School of Information and Electronics, Beijing Institute of Technology, Beijing 100081, China.
Cytometry A. 2018 Jun;93(6):628-638. doi: 10.1002/cyto.a.23490. Epub 2018 May 15.
Cell morphology is often used as a proxy measurement of cell status to understand cell physiology. Hence, interpretation of cell dynamic morphology is a meaningful task in biomedical research. Inspired by the recent success of deep learning, we here explore the application of convolutional neural networks (CNNs) to cell dynamic morphology classification. An innovative strategy for the implementation of CNNs is introduced in this study. Mouse lymphocytes were collected to observe the dynamic morphology, and two datasets were thus set up to investigate the performances of CNNs. Considering the installation of deep learning, the classification problem was simplified from video data to image data, and was then solved by CNNs in a self-taught manner with the generated image data. CNNs were separately performed in three installation scenarios and compared with existing methods. Experimental results demonstrated the potential of CNNs in cell dynamic morphology classification, and validated the effectiveness of the proposed strategy. CNNs were successfully applied to the classification problem, and outperformed the existing methods in the classification accuracy. For the installation of CNNs, transfer learning was proved to be a promising scheme. © 2018 International Society for Advancement of Cytometry.
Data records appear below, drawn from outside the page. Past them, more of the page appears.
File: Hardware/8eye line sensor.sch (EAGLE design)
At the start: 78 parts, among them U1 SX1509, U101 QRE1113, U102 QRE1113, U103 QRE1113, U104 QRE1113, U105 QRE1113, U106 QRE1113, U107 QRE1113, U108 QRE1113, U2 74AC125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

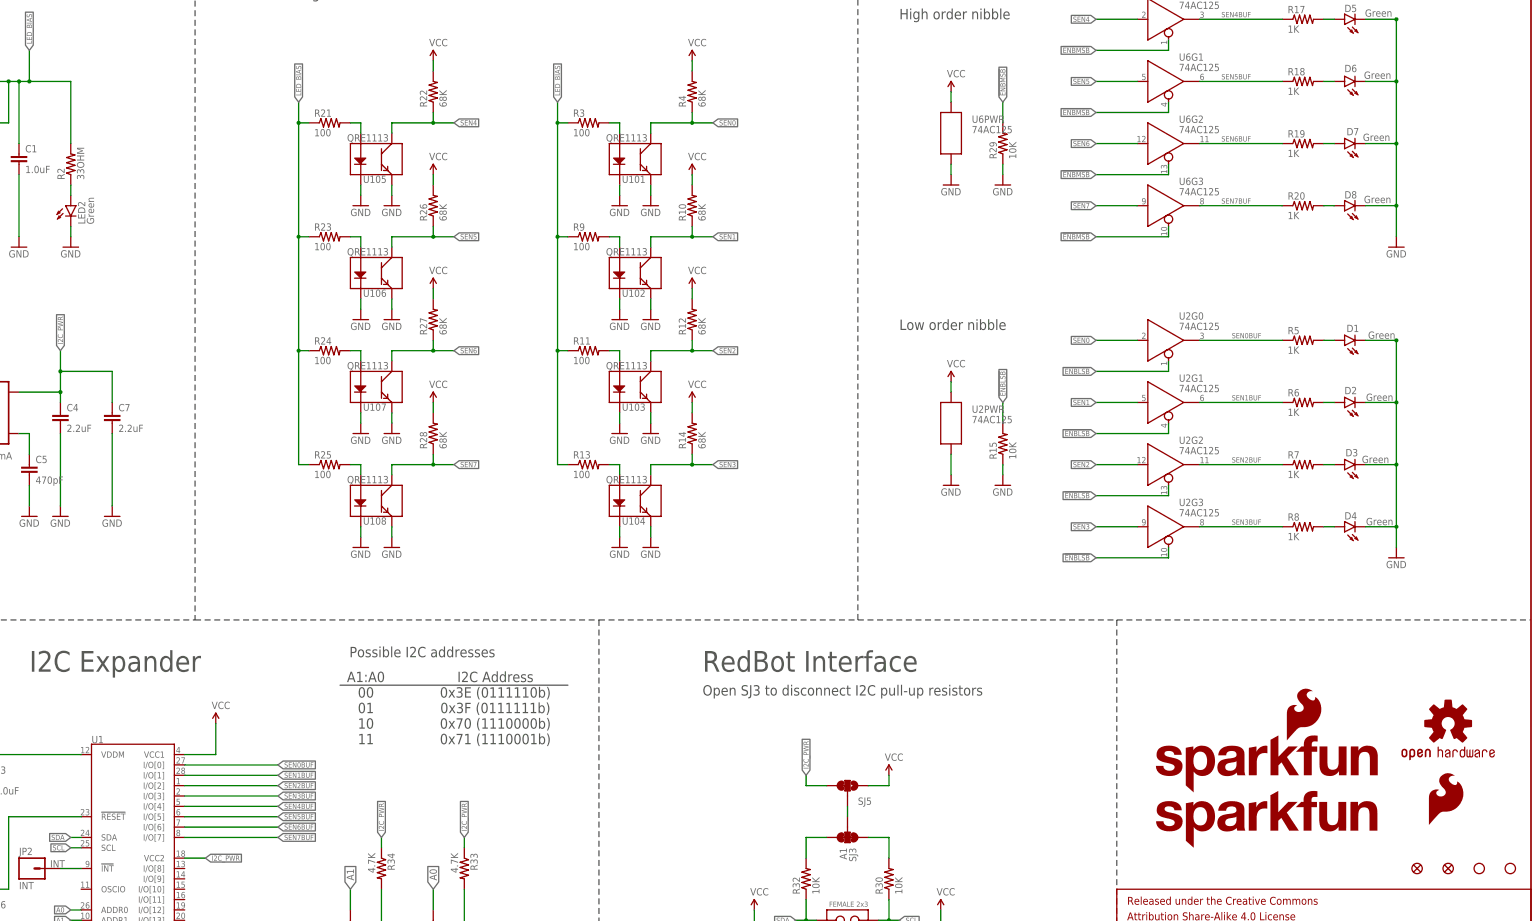
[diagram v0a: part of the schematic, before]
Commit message: Fixed github/qc finds
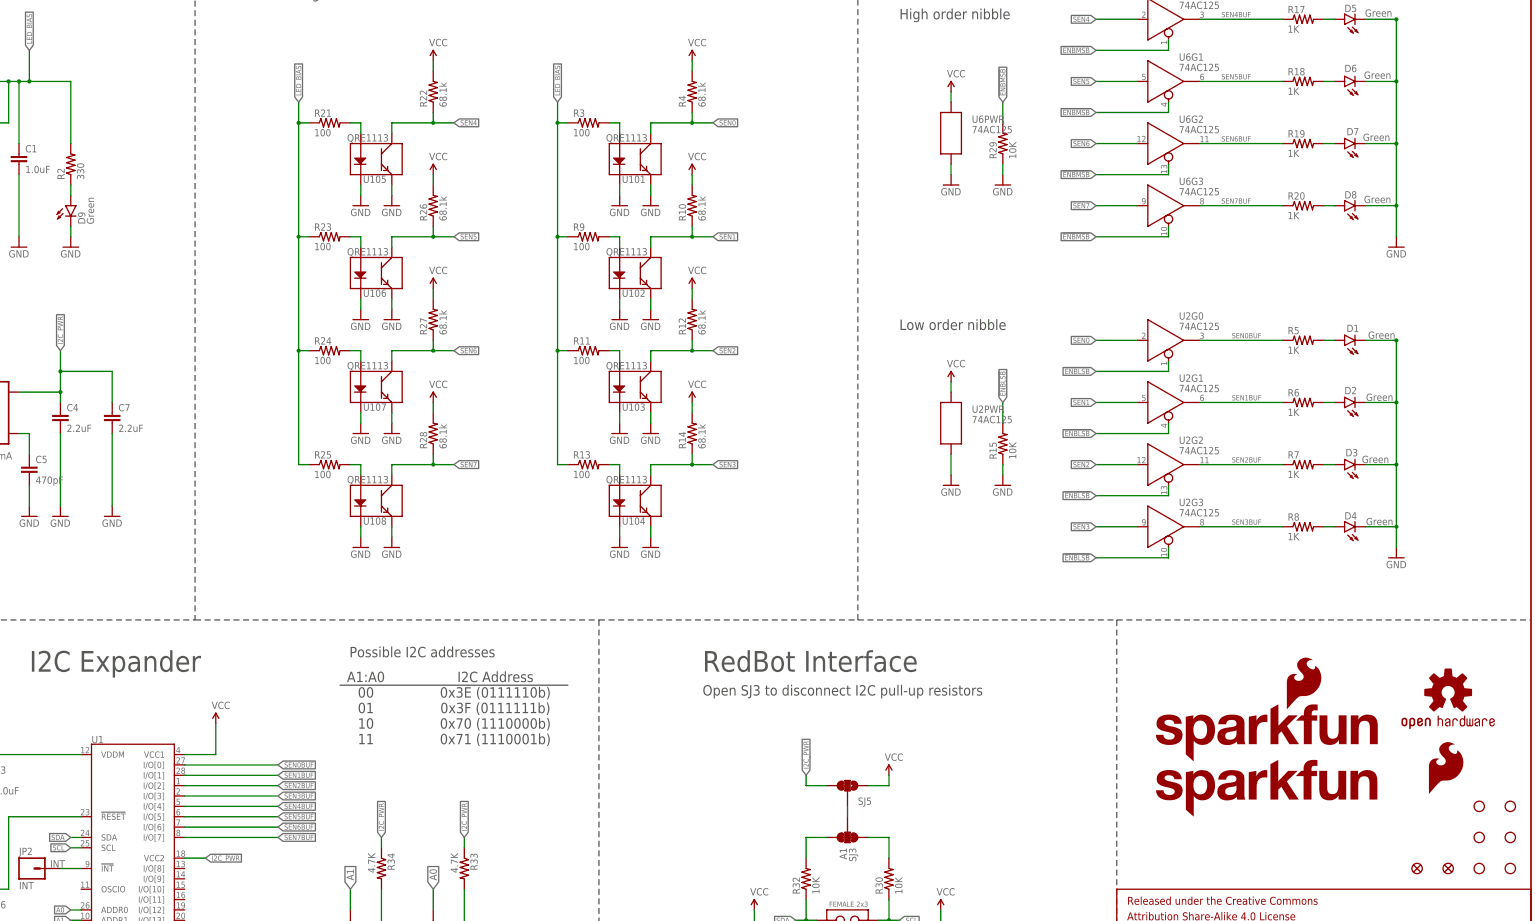
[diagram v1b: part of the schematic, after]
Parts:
- added STANDOFF1, STANDOFF2, STANDOFF5, STANDOFF6: STAND-OFF, SparkFun-Electromechanical:STAND-OFF
- R10, R12, R14, R22, R26, R27, R28, R4: value 68K -> 68.1k
- R2: value 33OHM -> 330; device SparkFun-Resistors:33OHM1/10W1%(0603) -> SparkFun-Resistors:330OHM1/10W1%(0603)
- renumbered LED2 to D9
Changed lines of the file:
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@@
 <part name="R1" library="SparkFun-Resistors" deviceset="4.7KOHM-1/10W-1%(0603)" device="" value="4.7K"/>
 <part name="R3" library="SparkFun-Resistors" deviceset="100OHM-1/10W-1%(0603)" device="" value="100"/>
-<part name="R4" library="SparkFun-Resistors" deviceset="68.1KOHM1/10W1%(0603)" device="" value="68K"/>
+<part name="R4" library="SparkFun-Resistors" deviceset="68.1KOHM1/10W1%(0603)" device="" value="68.1k"/>
 <part name="GND1" library="SparkFun-Aesthetics" deviceset="GND" device=""/>
 <part name="GND2" library="SparkFun-Aesthetics" deviceset="GND" device=""/>
@@
 <part name="GND12" library="SparkFun-Aesthetics" deviceset="GND" device=""/>
 <part name="SUPPLY2" library="SparkFun-Aesthetics" deviceset="VCC" device=""/>
-<part name="R10" library="SparkFun-Resistors" deviceset="68.1KOHM1/10W1%(0603)" device="" value="68K"/>
+<part name="R10" library="SparkFun-Resistors" deviceset="68.1KOHM1/10W1%(0603)" device="" value="68.1k"/>
 <part name="SUPPLY3" library="SparkFun-Aesthetics" deviceset="VCC" device=""/>
-<part name="R12" library="SparkFun-Resistors" deviceset="68.1KOHM1/10W1%(0603)" device="" value="68K"/>
+<part name="R12" library="SparkFun-Resistors" deviceset="68.1KOHM1/10W1%(0603)" device="" value="68.1k"/>
 <part name="SUPPLY4" library="SparkFun-Aesthetics" deviceset="VCC" device=""/>
-<part name="R14" library="SparkFun-Resistors" deviceset="68.1KOHM1/10W1%(0603)" device="" value="68K"/>
+<part name="R14" library="SparkFun-Resistors" deviceset="68.1KOHM1/10W1%(0603)" device="" value="68.1k"/>
 <part name="SUPPLY5" library="SparkFun-Aesthetics" deviceset="VCC" device=""/>
 <part name="SUPPLY6" library="SparkFun-Aesthetics" deviceset="VCC" device=""/>
@@
 <part name="R15" library="SparkFun-Resistors" deviceset="10KOHM-1/10W-1%(0603)" device="0603" value="10K"/>
 <part name="R16" library="SparkFun-Electromechanical" deviceset="TRIMPOT" device="-PTH-KNOB" value="TSR-3386"/>
-<part name="R2" library="SparkFun-Resistors" deviceset="33OHM1/10W1%(0603)" device="" value="33OHM"/>
-<part name="LED2" library="SparkFun-LED" deviceset="LED-GREEN" device="1206-BOTTOM" value="Green"/>
+<part name="R2" library="SparkFun-Resistors" deviceset="330OHM1/10W1%(0603)" device="" value="330"/>
+<part name="D9" library="SparkFun-LED" deviceset="LED-GREEN" device="1206-BOTTOM" value="Green"/>
 <part name="GND16" library="SparkFun" deviceset="GND" device=""/>
 <part name="GND17" library="SparkFun-Aesthetics" deviceset="GND" device=""/>
@@
 <part name="U105" library="SparkFun-Sensors" deviceset="QRE1113" device="" value="QRE1113"/>
 <part name="R21" library="SparkFun-Resistors" deviceset="100OHM-1/10W-1%(0603)" device="" value="100"/>
-<part name="R22" library="SparkFun-Resistors" deviceset="68.1KOHM1/10W1%(0603)" device="" value="68K"/>
+<part name="R22" library="SparkFun-Resistors" deviceset="68.1KOHM1/10W1%(0603)" device="" value="68.1k"/>
 <part name="GND19" library="SparkFun-Aesthetics" deviceset="GND" device=""/>
 <part name="GND20" library="SparkFun-Aesthetics" deviceset="GND" device=""/>
@@
 <part name="GND26" library="SparkFun-Aesthetics" deviceset="GND" device=""/>
 <part name="SUPPLY9" library="SparkFun-Aesthetics" deviceset="VCC" device=""/>
-<part name="R26" library="SparkFun-Resistors" deviceset="68.1KOHM1/10W1%(0603)" device="" value="68K"/>
+<part name="R26" library="SparkFun-Resistors" deviceset="68.1KOHM1/10W1%(0603)" device="" value="68.1k"/>
 <part name="SUPPLY10" library="SparkFun-Aesthetics" deviceset="VCC" device=""/>
-<part name="R27" library="SparkFun-Resistors" deviceset="68.1KOHM1/10W1%(0603)" device="" value="68K"/>
+<part name="R27" library="SparkFun-Resistors" deviceset="68.1KOHM1/10W1%(0603)" device="" value="68.1k"/>
 <part name="SUPPLY11" library="SparkFun-Aesthetics" deviceset="VCC" device=""/>
-<part name="R28" library="SparkFun-Resistors" deviceset="68.1KOHM1/10W1%(0603)" device="" value="68K"/>
+<part name="R28" library="SparkFun-Resistors" deviceset="68.1KOHM1/10W1%(0603)" device="" value="68.1k"/>
 <part name="SUPPLY12" library="SparkFun-Aesthetics" deviceset="VCC" device=""/>
 <part name="SJ1" library="SparkFun-Passives" deviceset="JUMPER-PAD-3-2OF3_NC_BY_PASTE" device="" value="A0"/>
@@
 <part name="FID1" library="SparkFun-Aesthetics" deviceset="FIDUCIAL" device="UFIDUCIAL"/>
 <part name="FID2" library="SparkFun-Aesthetics" deviceset="FIDUCIAL" device="UFIDUCIAL"/>
-<part name="STANDOFF3" library="SparkFun-Electromechanical" deviceset="STAND-OFF" device=""/>
-<part name="STANDOFF4" library="SparkFun-Electromechanical" deviceset="STAND-OFF" device=""/>
 <part name="U6" library="SparkFun-DigitalIC" deviceset="74*125" device="" technology="AC125DG" value="74AC125"/>
 <part name="U2" library="SparkFun-DigitalIC" deviceset="74*125" device="" technology="AC125DG" value="74AC125"/>
@@
 <part name="R34" library="SparkFun-Resistors" deviceset="4.7KOHM-1/10W-1%(0603)" device="" value="4.7K"/>
 <part name="LOGO1" library="SparkFun-Aesthetics" deviceset="SFE_LOGO_NAME_FLAME" device=".2_INCH"/>
+<part name="STANDOFF1" library="SparkFun-Electromechanical" deviceset="STAND-OFF" device=""/>
+<part name="STANDOFF2" library="SparkFun-Electromechanical" deviceset="STAND-OFF" device=""/>
+<part name="STANDOFF3" library="SparkFun-Electromechanical" deviceset="STAND-OFF" device=""/>
+<part name="STANDOFF4" library="SparkFun-Electromechanical" deviceset="STAND-OFF" device=""/>
+<part name="STANDOFF5" library="SparkFun-Electromechanical" deviceset="STAND-OFF" device=""/>
+<part name="STANDOFF6" library="SparkFun-Electromechanical" deviceset="STAND-OFF" device=""/>
 </parts>
 <sheets>
@@
 </instance>
 <instance part="R2" gate="G$1" x="73.66" y="213.36" rot="R90"/>
-<instance part="LED2" gate="G$1" x="73.66" y="203.2"/>
+<instance part="D9" gate="G$1" x="73.66" y="203.2"/>
 <instance part="GND16" gate="1" x="73.66" y="193.04"/>
 <instance part="GND17" gate="1" x="398.78" y="193.04"/>
@@
 <instance part="FRAME2" gate="G$2" x="330.2" y="0"/>
 <instance part="JP2" gate="G$1" x="63.5" y="40.64"/>
-<instance part="LOGO2" gate="G$1" x="337.82" y="45.72"/>
-<instance part="LOGO5" gate="G$1" x="406.4" y="50.8"/>
-<instance part="LOGO6" gate="G$1" x="411.48" y="76.2"/>
+<instance part="LOGO2" gate="G$1" x="337.82" y="53.34"/>
+<instance part="LOGO5" gate="G$1" x="406.4" y="58.42"/>
+<instance part="LOGO6" gate="G$1" x="411.48" y="83.82"/>
 <instance part="FID1" gate="G$1" x="403.86" y="40.64"/>
 <instance part="FID2" gate="G$1" x="411.48" y="40.64"/>
-<instance part="STANDOFF3" gate="G$1" x="419.1" y="40.64"/>
-<instance part="STANDOFF4" gate="G$1" x="426.72" y="40.64"/>
 <instance part="U6" gate="G0" x="340.36" y="248.92"/>
 <instance part="U6" gate="G1" x="340.36" y="233.68"/>
@@
 <instance part="R33" gate="G$1" x="170.18" y="40.64" rot="R270"/>
 <instance part="R34" gate="G$1" x="149.86" y="40.64" rot="R270"/>
-<instance part="LOGO1" gate="G$1" x="339.09" y="58.928"/>
+<instance part="LOGO1" gate="G$1" x="339.09" y="66.548"/>
+<instance part="STANDOFF1" gate="G$1" x="419.1" y="40.64"/>
+<instance part="STANDOFF2" gate="G$1" x="426.72" y="40.64"/>
+<instance part="STANDOFF3" gate="G$1" x="419.1" y="48.26"/>
+<instance part="STANDOFF4" gate="G$1" x="426.72" y="48.26"/>
+<instance part="STANDOFF5" gate="G$1" x="419.1" y="55.88"/>
+<instance part="STANDOFF6" gate="G$1" x="426.72" y="55.88"/>
 </instances>
 <busses>
@@
 <wire x1="73.66" y1="195.58" x2="73.66" y2="198.12" width="0.1524" layer="91"/>
 <pinref part="GND16" gate="1" pin="GND"/>
-<pinref part="LED2" gate="G$1" pin="C"/>
+<pinref part="D9" gate="G$1" pin="C"/>
 </segment>
 <segment>
@@
 <segment>
 <wire x1="73.66" y1="205.74" x2="73.66" y2="208.28" width="0.1524" layer="91"/>
-<pinref part="LED2" gate="G$1" pin="A"/>
+<pinref part="D9" gate="G$1" pin="A"/>
 <pinref part="R2" gate="G$1" pin="1"/>
 </segment>

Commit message: v04: IR LED power ctrl, regulated receiver supply
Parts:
- removed R15, R29: 10K, SparkFun-Resistors:10KOHM-1/10W-1%(0603)0603
- added C8: 10uF, SparkFun-Capacitors:10UF-16V-10%(TANT)
- added Q1: MOSFET-NCHANNEL2N7002PW, SparkFun-DiscreteSemi:MOSFET-NCHANNEL2N7002PW
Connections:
- removed net !ENBLSB: R15.2, U2G0.!EN, U2G1.!EN, U2G2.!EN, U2G3.!EN
- removed net !ENBMSB: R29.2, U6G0.!EN, U6G1.!EN, U6G2.!EN, U6G3.!EN
- new net !FBLEDEN: U1.I/O[9], U2G0.!EN, U2G1.!EN, U2G2.!EN, U2G3.!EN, U6G0.!EN, U6G1.!EN, U6G2.!EN, U6G3.!EN
- new net !IRLEDEN: Q1.G, U1.I/O[8]
- net GND: now also C8.-, Q1.S; no longer R15.1, R29.1
- net I2C_PWR: now also R10.2, R12.2, R14.2, R22.2, R26.2, R27.2, R28.2, R4.2, U1.VCC1, U2PWR.P$V+, U6PWR.P$V+
- net N$1: now also Q1.D
- net VCC: now also C8.+; no longer R10.2, R12.2, R14.2, R22.2, R26.2, R27.2, R28.2, R4.2, U1.VCC1, U2PWR.P$V+, U6PWR.P$V+
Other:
- note added: "Open SJ3 to disconnect I2C pull-up resistors Move SJ5 to make interface 5v"
- note added: "Set I2C address with SJ1 and SJ2"
- note added: "V04"
- note removed: "Open SJ3 to disconnect I2C pull-up resistors"
- note removed: "Set I2C addres with SJ1 and SJ2"
- note removed: "V03"
- moved on the sheet: C1, C4, C5, C7, D9, R16, R2, U3

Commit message: Fixed QC issues
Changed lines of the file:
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@@
 <text x="63.5" y="88.9" size="5.08" layer="97">I2C Expander</text>
 <text x="119.126" y="10.922" size="2.54" layer="97">Set I2C address with SJ1 and SJ2</text>
-<text x="228.6" y="83.058" size="2.54" layer="97">Open SJ3 to disconnect I2C pull-up resistors
+<text x="228.346" y="80.518" size="2.54" layer="97">Open SJ3 to disconnect I2C pull-up resistors
 Move SJ5 to make interface 5v</text>
 <text x="141.986" y="92.456" size="2.54" layer="97">Possible I2C addresses</text>
@@
 <instance part="STANDOFF5" gate="G$1" x="419.1" y="55.88"/>
 <instance part="STANDOFF6" gate="G$1" x="426.72" y="55.88"/>
-<instance part="Q1" gate="G$1" x="66.04" y="203.2"/>
+<instance part="Q1" gate="G$1" x="66.04" y="203.2" smashed="yes">
+<attribute name="NAME" x="64.516" y="196.85" size="1.778" layer="95" rot="R90"/>
+<attribute name="VALUE" x="71.882" y="194.056" size="1.778" layer="96" rot="R90"/>
+</instance>
 <instance part="GND38" gate="1" x="66.04" y="193.04"/>
 <instance part="C8" gate="G$1" x="17.78" y="215.9"/>

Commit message: V_1.0 update
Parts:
- R30, R32: value 10K -> 4.7K; device SparkFun-Resistors:10KOHM-1/10W-1%(0603)0603 -> SparkFun-Resistors:4.7KOHM-1/10W-1%(0603)
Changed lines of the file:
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@@
 <part name="GND28" library="SparkFun" deviceset="GND" device=""/>
 <part name="GND30" library="SparkFun" deviceset="GND" device=""/>
-<part name="R30" library="SparkFun-Resistors" deviceset="10KOHM-1/10W-1%(0603)" device="0603" value="10K"/>
+<part name="R30" library="SparkFun-Resistors" deviceset="4.7KOHM-1/10W-1%(0603)" device="" value="4.7K"/>
 <part name="GND15" library="SparkFun-Aesthetics" deviceset="GND" device=""/>
 <part name="SUPPLY7" library="SparkFun-Aesthetics" deviceset="VCC" device=""/>
-<part name="R32" library="SparkFun-Resistors" deviceset="10KOHM-1/10W-1%(0603)" device="0603" value="10K"/>
+<part name="R32" library="SparkFun-Resistors" deviceset="4.7KOHM-1/10W-1%(0603)" device="" value="4.7K"/>
 <part name="C3" library="SparkFun-Capacitors" deviceset="1.0UF-16V-10%(0603)" device="" value="1.0uF"/>
 <part name="U1" library="SparkFun-DigitalIC" deviceset="SX1509" device="" value="SX1509"/>

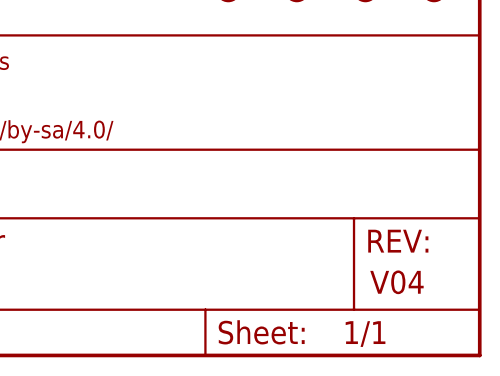
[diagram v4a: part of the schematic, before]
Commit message: Fixed rev number and readme
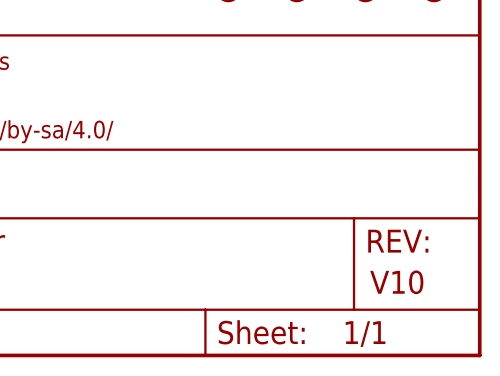
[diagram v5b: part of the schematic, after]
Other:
- note added: "V10"
- note removed: "V04"
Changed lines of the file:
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@@
 <plain>
 <text x="355.092" y="11.43" size="2.54" layer="94">Marshall Taylor</text>
-<text x="419.608" y="6.858" size="2.54" layer="94">V04</text>
+<text x="419.608" y="6.858" size="2.54" layer="94">V10</text>
 <text x="193.04" y="254" size="2.54" layer="97">Low order nibble</text>
 <text x="37.592" y="260.35" size="2.54" layer="97">Supply +5V</text>

细胞形态通常被用作细胞状态的代理测量指标,以了解细胞生理学。因此,细胞动态形态的解释是生物医学研究中的一项有意义的任务。受深度学习最近成功的启发,我们在这里探索卷积神经网络(CNN)在细胞动态形态分类中的应用。本研究提出了一种实现 CNN 的创新策略。收集了小鼠淋巴细胞以观察动态形态,因此建立了两个数据集来研究 CNN 的性能。考虑到深度学习的安装,分类问题从视频数据简化为图像数据,然后通过生成的图像数据,由 CNN 以自学的方式解决。分别在三个安装场景中执行 CNN,并与现有方法进行比较。实验结果表明 CNN 在细胞动态形态分类中的潜力,并验证了所提出策略的有效性。CNN 成功应用于分类问题,在分类准确性方面优于现有方法。对于 CNN 的安装,迁移学习被证明是一种很有前途的方案。© 2018 国际细胞分析学会。